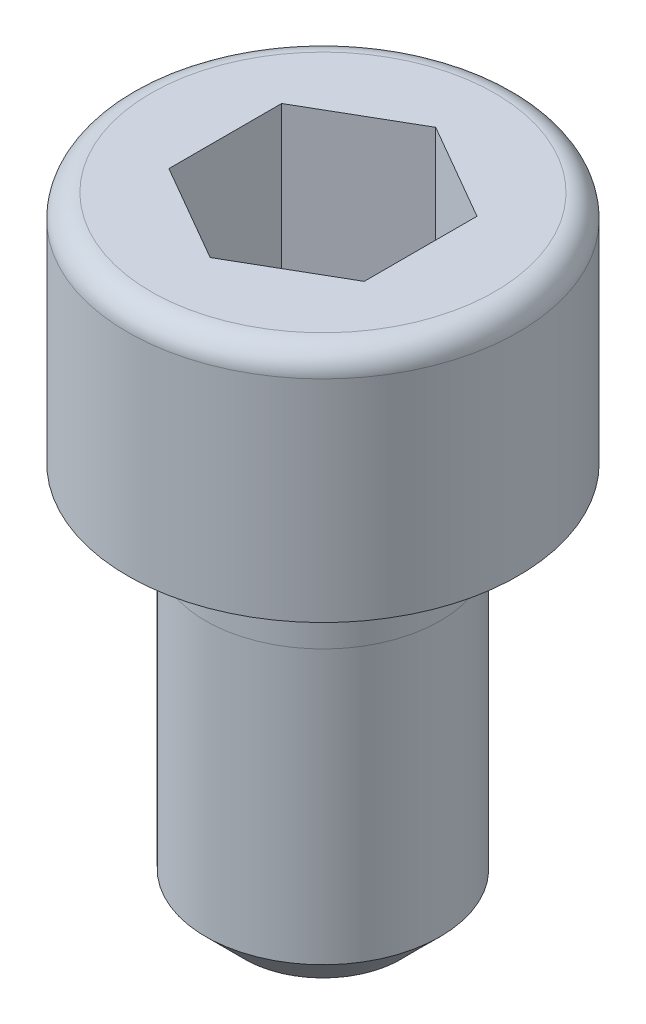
ISO-10303-21;
HEADER;
FILE_DESCRIPTION(('STEP AP214'),'2;1');
FILE_NAME('part.step','',(''),(''),'','','');
FILE_SCHEMA(('AUTOMOTIVE_DESIGN { 1 0 10303 214 1 1 1 1 }'));
ENDSEC;
DATA;
#1=APPLICATION_CONTEXT('core data for automotive mechanical design processes');
#2=APPLICATION_PROTOCOL_DEFINITION('international standard','automotive_design',2000,#1);
#3=PRODUCT_CONTEXT('',#1,'mechanical');
#4=PRODUCT('Part','Part','',(#3));
#5=PRODUCT_RELATED_PRODUCT_CATEGORY('part','',(#4));
#6=PRODUCT_DEFINITION_FORMATION('','',#4);
#7=PRODUCT_DEFINITION_CONTEXT('part definition',#1,'design');
#8=PRODUCT_DEFINITION('design','',#6,#7);
#9=PRODUCT_DEFINITION_SHAPE('','',#8);
#10=(LENGTH_UNIT() NAMED_UNIT(*) SI_UNIT(.MILLI.,.METRE.));
#11=(NAMED_UNIT(*) PLANE_ANGLE_UNIT() SI_UNIT($,.RADIAN.));
#12=(NAMED_UNIT(*) SI_UNIT($,.STERADIAN.) SOLID_ANGLE_UNIT());
#13=UNCERTAINTY_MEASURE_WITH_UNIT(LENGTH_MEASURE(1.E-05),#10,'distance_accuracy_value','');
#14=(GEOMETRIC_REPRESENTATION_CONTEXT(3) GLOBAL_UNCERTAINTY_ASSIGNED_CONTEXT((#13)) GLOBAL_UNIT_ASSIGNED_CONTEXT((#10,
#11,#12)) REPRESENTATION_CONTEXT('',''));
#15=CARTESIAN_POINT('',(0.,0.,0.));
#16=DIRECTION('',(0.,0.,1.));
#17=DIRECTION('',(1.,0.,0.));
#18=AXIS2_PLACEMENT_3D('',#15,#16,#17);
#19=CARTESIAN_POINT('',(0.,65.1172922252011,0.));
#20=DIRECTION('',(0.,1.,0.));
#21=DIRECTION('',(-1.,0.,0.));
#22=AXIS2_PLACEMENT_3D('',#19,#20,#21);
#23=CYLINDRICAL_SURFACE('',#22,2.99999999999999);
#24=CARTESIAN_POINT('',(0.,-15.,0.));
#25=DIRECTION('',(0.,1.,0.));
#26=DIRECTION('',(-1.,0.,0.));
#27=AXIS2_PLACEMENT_3D('',#24,#25,#26);
#28=CIRCLE('',#27,3.);
#29=CARTESIAN_POINT('',(-3.00000000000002,-15.,0.));
#30=VERTEX_POINT('',#29);
#31=EDGE_CURVE('E468',#30,#30,#28,.T.);
#32=ORIENTED_EDGE('',*,*,#31,.T.);
#33=EDGE_LOOP('',(#32));
#34=FACE_BOUND('',#33,.T.);
#35=CARTESIAN_POINT('',(0.,-7.99999999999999,0.));
#36=DIRECTION('',(0.,1.,0.));
#37=DIRECTION('',(-1.,0.,0.));
#38=AXIS2_PLACEMENT_3D('',#35,#36,#37);
#39=CIRCLE('',#38,2.99999999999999);
#40=CARTESIAN_POINT('',(-3.,-7.99999999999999,0.));
#41=VERTEX_POINT('',#40);
#42=EDGE_CURVE('E11',#41,#41,#39,.T.);
#43=ORIENTED_EDGE('',*,*,#42,.F.);
#44=EDGE_LOOP('',(#43));
#45=FACE_BOUND('',#44,.T.);
#46=ADVANCED_FACE('F348',(#34,#45),#23,.T.);
#47=CARTESIAN_POINT('',(2.,-16.,4.9960036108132E-13));
#48=DIRECTION('',(0.,-1.,0.));
#49=DIRECTION('',(1.,0.,0.));
#50=AXIS2_PLACEMENT_3D('',#47,#48,#49);
#51=PLANE('',#50);
#52=CARTESIAN_POINT('',(0.,-16.,0.));
#53=DIRECTION('',(0.,1.,0.));
#54=DIRECTION('',(-1.,0.,0.));
#55=AXIS2_PLACEMENT_3D('',#52,#53,#54);
#56=CIRCLE('',#55,2.);
#57=CARTESIAN_POINT('',(-1.99999999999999,-16.,0.));
#58=VERTEX_POINT('',#57);
#59=EDGE_CURVE('E357',#58,#58,#56,.T.);
#60=ORIENTED_EDGE('',*,*,#59,.F.);
#61=EDGE_LOOP('',(#60));
#62=FACE_BOUND('',#61,.T.);
#63=ADVANCED_FACE('F350',(#62),#51,.T.);
#64=CARTESIAN_POINT('',(0.,-16.,0.));
#65=DIRECTION('',(0.,1.,0.));
#66=DIRECTION('',(-1.,0.,0.));
#67=AXIS2_PLACEMENT_3D('',#64,#65,#66);
#68=CONICAL_SURFACE('',#67,2.,0.785398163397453);
#69=ORIENTED_EDGE('',*,*,#31,.F.);
#70=EDGE_LOOP('',(#69));
#71=FACE_BOUND('',#70,.T.);
#72=ORIENTED_EDGE('',*,*,#59,.T.);
#73=EDGE_LOOP('',(#72));
#74=FACE_BOUND('',#73,.T.);
#75=ADVANCED_FACE('F473',(#71,#74),#68,.T.);
#76=ORIENTED_EDGE('',*,*,#42,.T.);
#77=EDGE_LOOP('',(#76));
#78=FACE_BOUND('',#77,.T.);
#79=CARTESIAN_POINT('',(0.,-6.,0.));
#80=DIRECTION('',(0.,1.,0.));
#81=DIRECTION('',(-1.,0.,0.));
#82=AXIS2_PLACEMENT_3D('',#79,#80,#81);
#83=CIRCLE('',#82,2.99999999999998);
#84=CARTESIAN_POINT('',(-2.99999999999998,-6.,0.));
#85=VERTEX_POINT('',#84);
#86=EDGE_CURVE('E465',#85,#85,#83,.T.);
#87=ORIENTED_EDGE('',*,*,#86,.F.);
#88=EDGE_LOOP('',(#87));
#89=FACE_BOUND('',#88,.T.);
#90=ADVANCED_FACE('F479',(#78,#89),#23,.T.);
#91=CARTESIAN_POINT('',(3.00000000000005,-6.,4.9960036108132E-13));
#92=DIRECTION('',(0.,1.,0.));
#93=DIRECTION('',(-1.,0.,0.));
#94=AXIS2_PLACEMENT_3D('',#91,#92,#93);
#95=PLANE('',#94);
#96=CARTESIAN_POINT('',(0.,-6.,0.));
#97=DIRECTION('',(0.,1.,0.));
#98=DIRECTION('',(-1.,0.,0.));
#99=AXIS2_PLACEMENT_3D('',#96,#97,#98);
#100=CIRCLE('',#99,4.99999999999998);
#101=CARTESIAN_POINT('',(-4.99999999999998,-6.,0.));
#102=VERTEX_POINT('',#101);
#103=EDGE_CURVE('E462',#102,#102,#100,.T.);
#104=ORIENTED_EDGE('',*,*,#103,.F.);
#105=EDGE_LOOP('',(#104));
#106=FACE_BOUND('',#105,.T.);
#107=ORIENTED_EDGE('',*,*,#86,.T.);
#108=EDGE_LOOP('',(#107));
#109=FACE_BOUND('',#108,.T.);
#110=ADVANCED_FACE('F490',(#106,#109),#95,.F.);
#111=CARTESIAN_POINT('',(0.,65.1172922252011,0.));
#112=DIRECTION('',(0.,1.,0.));
#113=DIRECTION('',(-1.,0.,0.));
#114=AXIS2_PLACEMENT_3D('',#111,#112,#113);
#115=CYLINDRICAL_SURFACE('',#114,4.99999999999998);
#116=CARTESIAN_POINT('',(0.,-0.600000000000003,0.));
#117=DIRECTION('',(0.,1.,0.));
#118=DIRECTION('',(-1.,0.,0.));
#119=AXIS2_PLACEMENT_3D('',#116,#117,#118);
#120=CIRCLE('',#119,4.99999999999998);
#121=CARTESIAN_POINT('',(-4.99999999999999,-0.600000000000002,0.));
#122=VERTEX_POINT('',#121);
#123=EDGE_CURVE('E459',#122,#122,#120,.T.);
#124=ORIENTED_EDGE('',*,*,#123,.F.);
#125=EDGE_LOOP('',(#124));
#126=FACE_BOUND('',#125,.T.);
#127=ORIENTED_EDGE('',*,*,#103,.T.);
#128=EDGE_LOOP('',(#127));
#129=FACE_BOUND('',#128,.T.);
#130=ADVANCED_FACE('F495',(#126,#129),#115,.T.);
#131=CARTESIAN_POINT('',(0.,-0.600000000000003,0.));
#132=DIRECTION('',(0.,1.,0.));
#133=DIRECTION('',(-1.,0.,0.));
#134=AXIS2_PLACEMENT_3D('',#131,#132,#133);
#135=TOROIDAL_SURFACE('',#134,4.39999999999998,0.6);
#136=CARTESIAN_POINT('',(0.,0.,0.));
#137=DIRECTION('',(0.,1.,0.));
#138=DIRECTION('',(-1.,0.,0.));
#139=AXIS2_PLACEMENT_3D('',#136,#137,#138);
#140=CIRCLE('',#139,4.39999999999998);
#141=CARTESIAN_POINT('',(-4.4,0.,0.));
#142=VERTEX_POINT('',#141);
#143=EDGE_CURVE('E450',#142,#142,#140,.T.);
#144=ORIENTED_EDGE('',*,*,#143,.F.);
#145=EDGE_LOOP('',(#144));
#146=FACE_BOUND('',#145,.T.);
#147=ORIENTED_EDGE('',*,*,#123,.T.);
#148=EDGE_LOOP('',(#147));
#149=FACE_BOUND('',#148,.T.);
#150=ADVANCED_FACE('F504',(#146,#149),#135,.T.);
#151=CARTESIAN_POINT('',(4.39999999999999,0.,0.));
#152=DIRECTION('',(0.,-1.,0.));
#153=DIRECTION('',(1.,0.,0.));
#154=AXIS2_PLACEMENT_3D('',#151,#152,#153);
#155=PLANE('',#154);
#156=DIRECTION('',(0.,0.,1.00000000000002));
#157=VECTOR('',#156,1.);
#158=CARTESIAN_POINT('',(-2.49999999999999,0.,-1.44337567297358));
#159=LINE('',#158,#157);
#160=CARTESIAN_POINT('',(-2.49999999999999,0.,-1.44337567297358));
#161=VERTEX_POINT('',#160);
#162=CARTESIAN_POINT('',(-2.50000000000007,0.,1.4433756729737));
#163=VERTEX_POINT('',#162);
#164=EDGE_CURVE('E427',#161,#163,#159,.T.);
#165=ORIENTED_EDGE('',*,*,#164,.F.);
#166=DIRECTION('',(-0.866025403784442,0.,0.500000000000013));
#167=VECTOR('',#166,1.);
#168=CARTESIAN_POINT('',(0.,0.,-2.8867513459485));
#169=LINE('',#168,#167);
#170=CARTESIAN_POINT('',(0.,0.,-2.8867513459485));
#171=VERTEX_POINT('',#170);
#172=EDGE_CURVE('E364',#171,#161,#169,.T.);
#173=ORIENTED_EDGE('',*,*,#172,.F.);
#174=DIRECTION('',(0.866025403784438,0.,0.500000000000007));
#175=VECTOR('',#174,1.);
#176=CARTESIAN_POINT('',(0.,0.,-2.8867513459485));
#177=LINE('',#176,#175);
#178=CARTESIAN_POINT('',(2.50000000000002,0.,-1.44337567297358));
#179=VERTEX_POINT('',#178);
#180=EDGE_CURVE('E580',#171,#179,#177,.T.);
#181=ORIENTED_EDGE('',*,*,#180,.T.);
#182=DIRECTION('',(0.,0.,1.00000000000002));
#183=VECTOR('',#182,1.);
#184=CARTESIAN_POINT('',(2.50000000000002,0.,-1.44337567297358));
#185=LINE('',#184,#183);
#186=CARTESIAN_POINT('',(2.49999999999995,0.,1.44337567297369));
#187=VERTEX_POINT('',#186);
#188=EDGE_CURVE('E577',#179,#187,#185,.T.);
#189=ORIENTED_EDGE('',*,*,#188,.T.);
#190=DIRECTION('',(-0.866025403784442,0.,0.500000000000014));
#191=VECTOR('',#190,1.);
#192=CARTESIAN_POINT('',(2.49999999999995,0.,1.44337567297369));
#193=LINE('',#192,#191);
#194=CARTESIAN_POINT('',(0.,0.,2.88675134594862));
#195=VERTEX_POINT('',#194);
#196=EDGE_CURVE('E574',#187,#195,#193,.T.);
#197=ORIENTED_EDGE('',*,*,#196,.T.);
#198=DIRECTION('',(0.866025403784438,0.,0.500000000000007));
#199=VECTOR('',#198,1.);
#200=CARTESIAN_POINT('',(-2.50000000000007,0.,1.4433756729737));
#201=LINE('',#200,#199);
#202=EDGE_CURVE('E572',#163,#195,#201,.T.);
#203=ORIENTED_EDGE('',*,*,#202,.F.);
#204=EDGE_LOOP('',(#165,#173,#181,#189,#197,#203));
#205=FACE_BOUND('',#204,.T.);
#206=ORIENTED_EDGE('',*,*,#143,.T.);
#207=EDGE_LOOP('',(#206));
#208=FACE_BOUND('',#207,.T.);
#209=ADVANCED_FACE('F511',(#205,#208),#155,.F.);
#210=CARTESIAN_POINT('',(0.,-4.32,-2.8867513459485));
#211=DIRECTION('',(-0.499999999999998,0.,-0.866025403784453));
#212=DIRECTION('',(-0.866025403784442,0.,0.500000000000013));
#213=AXIS2_PLACEMENT_3D('',#210,#211,#212);
#214=PLANE('',#213);
#215=ORIENTED_EDGE('',*,*,#172,.T.);
#216=DIRECTION('',(0.,1.,0.));
#217=VECTOR('',#216,1.);
#218=CARTESIAN_POINT('',(-2.49999999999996,-4.32,-1.44337567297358));
#219=LINE('',#218,#217);
#220=CARTESIAN_POINT('',(-2.49999999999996,-4.32,-1.44337567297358));
#221=VERTEX_POINT('',#220);
#222=EDGE_CURVE('E432',#221,#161,#219,.T.);
#223=ORIENTED_EDGE('',*,*,#222,.F.);
#224=DIRECTION('',(-0.866025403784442,0.,0.500000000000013));
#225=VECTOR('',#224,1.);
#226=CARTESIAN_POINT('',(0.,-4.32,-2.8867513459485));
#227=LINE('',#226,#225);
#228=CARTESIAN_POINT('',(0.,-4.32,-2.8867513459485));
#229=VERTEX_POINT('',#228);
#230=EDGE_CURVE('E421',#229,#221,#227,.T.);
#231=ORIENTED_EDGE('',*,*,#230,.F.);
#232=DIRECTION('',(0.,1.,0.));
#233=VECTOR('',#232,1.);
#234=CARTESIAN_POINT('',(0.,-4.32,-2.8867513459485));
#235=LINE('',#234,#233);
#236=EDGE_CURVE('E448',#229,#171,#235,.T.);
#237=ORIENTED_EDGE('',*,*,#236,.T.);
#238=EDGE_LOOP('',(#215,#223,#231,#237));
#239=FACE_BOUND('',#238,.T.);
#240=ADVANCED_FACE('F515',(#239),#214,.F.);
#241=CARTESIAN_POINT('',(0.,-4.32,-2.8867513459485));
#242=DIRECTION('',(-0.500000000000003,0.,0.866025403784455));
#243=DIRECTION('',(0.866025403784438,0.,0.500000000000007));
#244=AXIS2_PLACEMENT_3D('',#241,#242,#243);
#245=PLANE('',#244);
#246=ORIENTED_EDGE('',*,*,#180,.F.);
#247=ORIENTED_EDGE('',*,*,#236,.F.);
#248=DIRECTION('',(0.866025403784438,0.,0.500000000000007));
#249=VECTOR('',#248,1.);
#250=CARTESIAN_POINT('',(0.,-4.32,-2.8867513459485));
#251=LINE('',#250,#249);
#252=CARTESIAN_POINT('',(2.50000000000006,-4.32,-1.44337567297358));
#253=VERTEX_POINT('',#252);
#254=EDGE_CURVE('E445',#229,#253,#251,.T.);
#255=ORIENTED_EDGE('',*,*,#254,.T.);
#256=DIRECTION('',(0.,1.,0.));
#257=VECTOR('',#256,1.);
#258=CARTESIAN_POINT('',(2.50000000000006,-4.32,-1.44337567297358));
#259=LINE('',#258,#257);
#260=EDGE_CURVE('E451',#253,#179,#259,.T.);
#261=ORIENTED_EDGE('',*,*,#260,.T.);
#262=EDGE_LOOP('',(#246,#247,#255,#261));
#263=FACE_BOUND('',#262,.T.);
#264=ADVANCED_FACE('F519',(#263),#245,.T.);
#265=CARTESIAN_POINT('',(2.50000000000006,-4.32,-1.44337567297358));
#266=DIRECTION('',(-1.,0.,0.));
#267=DIRECTION('',(0.,-1.,0.));
#268=AXIS2_PLACEMENT_3D('',#265,#266,#267);
#269=PLANE('',#268);
#270=ORIENTED_EDGE('',*,*,#188,.F.);
#271=ORIENTED_EDGE('',*,*,#260,.F.);
#272=DIRECTION('',(0.,0.,1.00000000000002));
#273=VECTOR('',#272,1.);
#274=CARTESIAN_POINT('',(2.50000000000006,-4.32,-1.44337567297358));
#275=LINE('',#274,#273);
#276=CARTESIAN_POINT('',(2.49999999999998,-4.32,1.44337567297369));
#277=VERTEX_POINT('',#276);
#278=EDGE_CURVE('E439',#253,#277,#275,.T.);
#279=ORIENTED_EDGE('',*,*,#278,.T.);
#280=DIRECTION('',(0.,1.,0.));
#281=VECTOR('',#280,1.);
#282=CARTESIAN_POINT('',(2.49999999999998,-4.32,1.44337567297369));
#283=LINE('',#282,#281);
#284=EDGE_CURVE('E453',#277,#187,#283,.T.);
#285=ORIENTED_EDGE('',*,*,#284,.T.);
#286=EDGE_LOOP('',(#270,#271,#279,#285));
#287=FACE_BOUND('',#286,.T.);
#288=ADVANCED_FACE('F529',(#287),#269,.T.);
#289=CARTESIAN_POINT('',(2.49999999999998,-4.32,1.44337567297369));
#290=DIRECTION('',(-0.499999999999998,0.,-0.866025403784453));
#291=DIRECTION('',(-0.866025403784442,0.,0.500000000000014));
#292=AXIS2_PLACEMENT_3D('',#289,#290,#291);
#293=PLANE('',#292);
#294=ORIENTED_EDGE('',*,*,#196,.F.);
#295=ORIENTED_EDGE('',*,*,#284,.F.);
#296=DIRECTION('',(-0.866025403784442,0.,0.500000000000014));
#297=VECTOR('',#296,1.);
#298=CARTESIAN_POINT('',(2.49999999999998,-4.32,1.44337567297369));
#299=LINE('',#298,#297);
#300=CARTESIAN_POINT('',(0.,-4.32,2.88675134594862));
#301=VERTEX_POINT('',#300);
#302=EDGE_CURVE('E436',#277,#301,#299,.T.);
#303=ORIENTED_EDGE('',*,*,#302,.T.);
#304=DIRECTION('',(0.,1.,0.));
#305=VECTOR('',#304,1.);
#306=CARTESIAN_POINT('',(0.,-4.32,2.88675134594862));
#307=LINE('',#306,#305);
#308=EDGE_CURVE('E431',#301,#195,#307,.T.);
#309=ORIENTED_EDGE('',*,*,#308,.T.);
#310=EDGE_LOOP('',(#294,#295,#303,#309));
#311=FACE_BOUND('',#310,.T.);
#312=ADVANCED_FACE('F526',(#311),#293,.T.);
#313=CARTESIAN_POINT('',(-2.50000000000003,-4.32,1.4433756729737));
#314=DIRECTION('',(-0.500000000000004,0.,0.866025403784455));
#315=DIRECTION('',(0.866025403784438,0.,0.500000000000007));
#316=AXIS2_PLACEMENT_3D('',#313,#314,#315);
#317=PLANE('',#316);
#318=ORIENTED_EDGE('',*,*,#202,.T.);
#319=ORIENTED_EDGE('',*,*,#308,.F.);
#320=DIRECTION('',(0.866025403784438,0.,0.500000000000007));
#321=VECTOR('',#320,1.);
#322=CARTESIAN_POINT('',(-2.50000000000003,-4.32,1.4433756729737));
#323=LINE('',#322,#321);
#324=CARTESIAN_POINT('',(-2.50000000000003,-4.32,1.4433756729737));
#325=VERTEX_POINT('',#324);
#326=EDGE_CURVE('E372',#325,#301,#323,.T.);
#327=ORIENTED_EDGE('',*,*,#326,.F.);
#328=DIRECTION('',(0.,1.,0.));
#329=VECTOR('',#328,1.);
#330=CARTESIAN_POINT('',(-2.50000000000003,-4.32,1.4433756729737));
#331=LINE('',#330,#329);
#332=EDGE_CURVE('E424',#325,#163,#331,.T.);
#333=ORIENTED_EDGE('',*,*,#332,.T.);
#334=EDGE_LOOP('',(#318,#319,#327,#333));
#335=FACE_BOUND('',#334,.T.);
#336=ADVANCED_FACE('F435',(#335),#317,.F.);
#337=CARTESIAN_POINT('',(-2.49999999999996,-4.32,-1.44337567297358));
#338=DIRECTION('',(-1.,0.,0.));
#339=DIRECTION('',(0.,-1.,0.));
#340=AXIS2_PLACEMENT_3D('',#337,#338,#339);
#341=PLANE('',#340);
#342=ORIENTED_EDGE('',*,*,#164,.T.);
#343=ORIENTED_EDGE('',*,*,#332,.F.);
#344=DIRECTION('',(0.,0.,1.00000000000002));
#345=VECTOR('',#344,1.);
#346=CARTESIAN_POINT('',(-2.49999999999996,-4.32,-1.44337567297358));
#347=LINE('',#346,#345);
#348=EDGE_CURVE('E414',#221,#325,#347,.T.);
#349=ORIENTED_EDGE('',*,*,#348,.F.);
#350=ORIENTED_EDGE('',*,*,#222,.T.);
#351=EDGE_LOOP('',(#342,#343,#349,#350));
#352=FACE_BOUND('',#351,.T.);
#353=ADVANCED_FACE('F425',(#352),#341,.F.);
#354=CARTESIAN_POINT('',(-2.49999999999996,-4.32,-1.44337567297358));
#355=DIRECTION('',(0.0942779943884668,0.98206244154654,0.163294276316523));
#356=DIRECTION('',(0.,-0.164024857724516,0.986456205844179));
#357=AXIS2_PLACEMENT_3D('',#354,#355,#356);
#358=PLANE('',#357);
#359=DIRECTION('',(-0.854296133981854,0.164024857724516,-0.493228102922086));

> _WORK TASK_
Above is a listing; print exactly its lines from the one with "#66=DIRECTION('',(-1.,0.,0.));" through the one with "#99=AXIS2_PLACEMENT_3D('',#96,#97,#98);", and no other lines.

> _EXERCISE RESPONSE_
#66=DIRECTION('',(-1.,0.,0.));
#67=AXIS2_PLACEMENT_3D('',#64,#65,#66);
#68=CONICAL_SURFACE('',#67,2.,0.785398163397453);
#69=ORIENTED_EDGE('',*,*,#31,.F.);
#70=EDGE_LOOP('',(#69));
#71=FACE_BOUND('',#70,.T.);
#72=ORIENTED_EDGE('',*,*,#59,.T.);
#73=EDGE_LOOP('',(#72));
#74=FACE_BOUND('',#73,.T.);
#75=ADVANCED_FACE('F473',(#71,#74),#68,.T.);
#76=ORIENTED_EDGE('',*,*,#42,.T.);
#77=EDGE_LOOP('',(#76));
#78=FACE_BOUND('',#77,.T.);
#79=CARTESIAN_POINT('',(0.,-6.,0.));
#80=DIRECTION('',(0.,1.,0.));
#81=DIRECTION('',(-1.,0.,0.));
#82=AXIS2_PLACEMENT_3D('',#79,#80,#81);
#83=CIRCLE('',#82,2.99999999999998);
#84=CARTESIAN_POINT('',(-2.99999999999998,-6.,0.));
#85=VERTEX_POINT('',#84);
#86=EDGE_CURVE('E465',#85,#85,#83,.T.);
#87=ORIENTED_EDGE('',*,*,#86,.F.);
#88=EDGE_LOOP('',(#87));
#89=FACE_BOUND('',#88,.T.);
#90=ADVANCED_FACE('F479',(#78,#89),#23,.T.);
#91=CARTESIAN_POINT('',(3.00000000000005,-6.,4.9960036108132E-13));
#92=DIRECTION('',(0.,1.,0.));
#93=DIRECTION('',(-1.,0.,0.));
#94=AXIS2_PLACEMENT_3D('',#91,#92,#93);
#95=PLANE('',#94);
#96=CARTESIAN_POINT('',(0.,-6.,0.));
#97=DIRECTION('',(0.,1.,0.));
#98=DIRECTION('',(-1.,0.,0.));
#99=AXIS2_PLACEMENT_3D('',#96,#97,#98);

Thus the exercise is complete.